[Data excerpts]
= = = = = = =
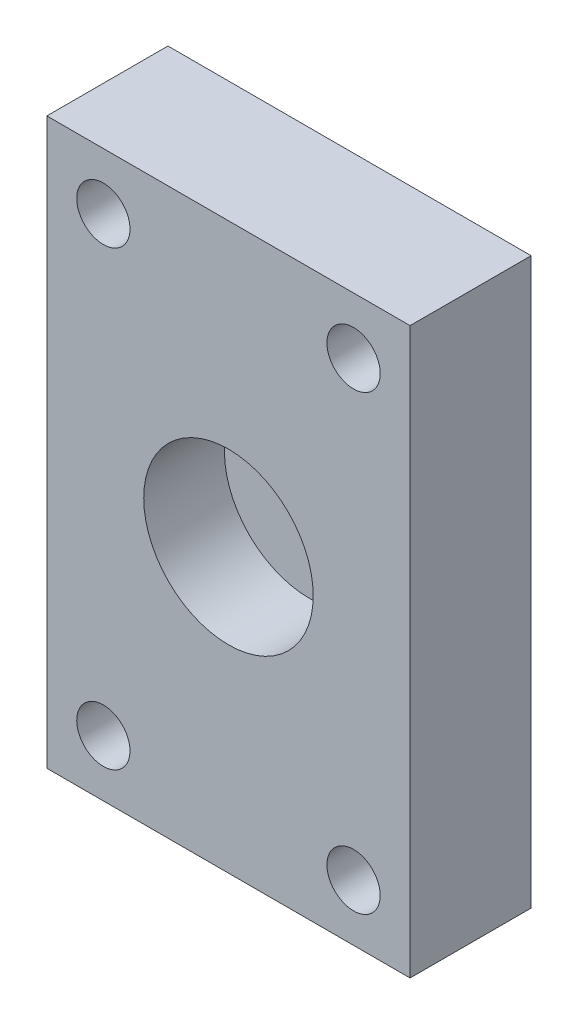
SolidWorks part; units mm, degrees
ref_plane "Piano frontale" through (0, 0, 0) normal (0, 0, 1) x (1, 0, 0)
ref_plane "Piano superiore" through (0, 0, 0) normal (0, 1, 0) x (1, 0, 0)
ref_plane "Piano destro" through (0, 0, 0) normal (1, 0, 0) x (0, 0, -1)
sketch "Schizzo1" plane through (0, 0, 0) normal (0, 0, 1) x (1, 0, 0)
  line L1 (0, 0) -> (45, 0)
  line L2 (0, 0) -> (0, 70)
  line L3 (0, 70) -> (45, 70)
  line L4 (45, 0) -> (45, 70)
  dimension "D1" = 70
  dimension "D2" = 45
extrude "Estrusione-Estrusione1" add sketch "Schizzo1" against normal blind 15
sketch "Schizzo2" plane through (0, 0, 0) normal (0, 0, 1) x (1, 0, 0)
  line L0 (22.5, 70) -> (22.5, 0) construction
  line L1 (45, 70) -> (0, 70) construction
  line L2 (0, 0) -> (45, 0) construction
  line L3 (45, 0) -> (23.1103, 0) construction
  line L4 (45, 0) -> (45, 70) construction
  line L5 (45, 35) -> (22.5, 35) construction
  line L6 (45, 7) -> (23.1103, 7) construction
  line L7 (45, 0) -> (45, 31.4323) construction
  line L8 (38, 0) -> (38, 31.4323) construction
  circle A0 centre (22.5, 35) radius 10.5
  circle A1 centre (38, 7) radius 3.3
  circle A2 centre (38, 63) radius 3.3
  circle A3 centre (7, 7) radius 3.3
  circle A4 centre (7, 63) radius 3.3
  dimension "D1" = 21
  dimension "D4" = 6.6
  dimension "D2" = 7
  dimension "D3" = 7
extrude "Taglio-Estrusione1" cut sketch "Schizzo2" against normal blind 10
= = = = = = =
# WHAT IS NEEDED:
From the entries, copy out each line containing the word "normal".

# EXERCISE OUTPUT:
ref_plane "Piano frontale" through (0, 0, 0) normal (0, 0, 1) x (1, 0, 0)
ref_plane "Piano superiore" through (0, 0, 0) normal (0, 1, 0) x (1, 0, 0)
ref_plane "Piano destro" through (0, 0, 0) normal (1, 0, 0) x (0, 0, -1)
sketch "Schizzo1" plane through (0, 0, 0) normal (0, 0, 1) x (1, 0, 0)
extrude "Estrusione-Estrusione1" add sketch "Schizzo1" against normal blind 15
sketch "Schizzo2" plane through (0, 0, 0) normal (0, 0, 1) x (1, 0, 0)
extrude "Taglio-Estrusione1" cut sketch "Schizzo2" against normal blind 10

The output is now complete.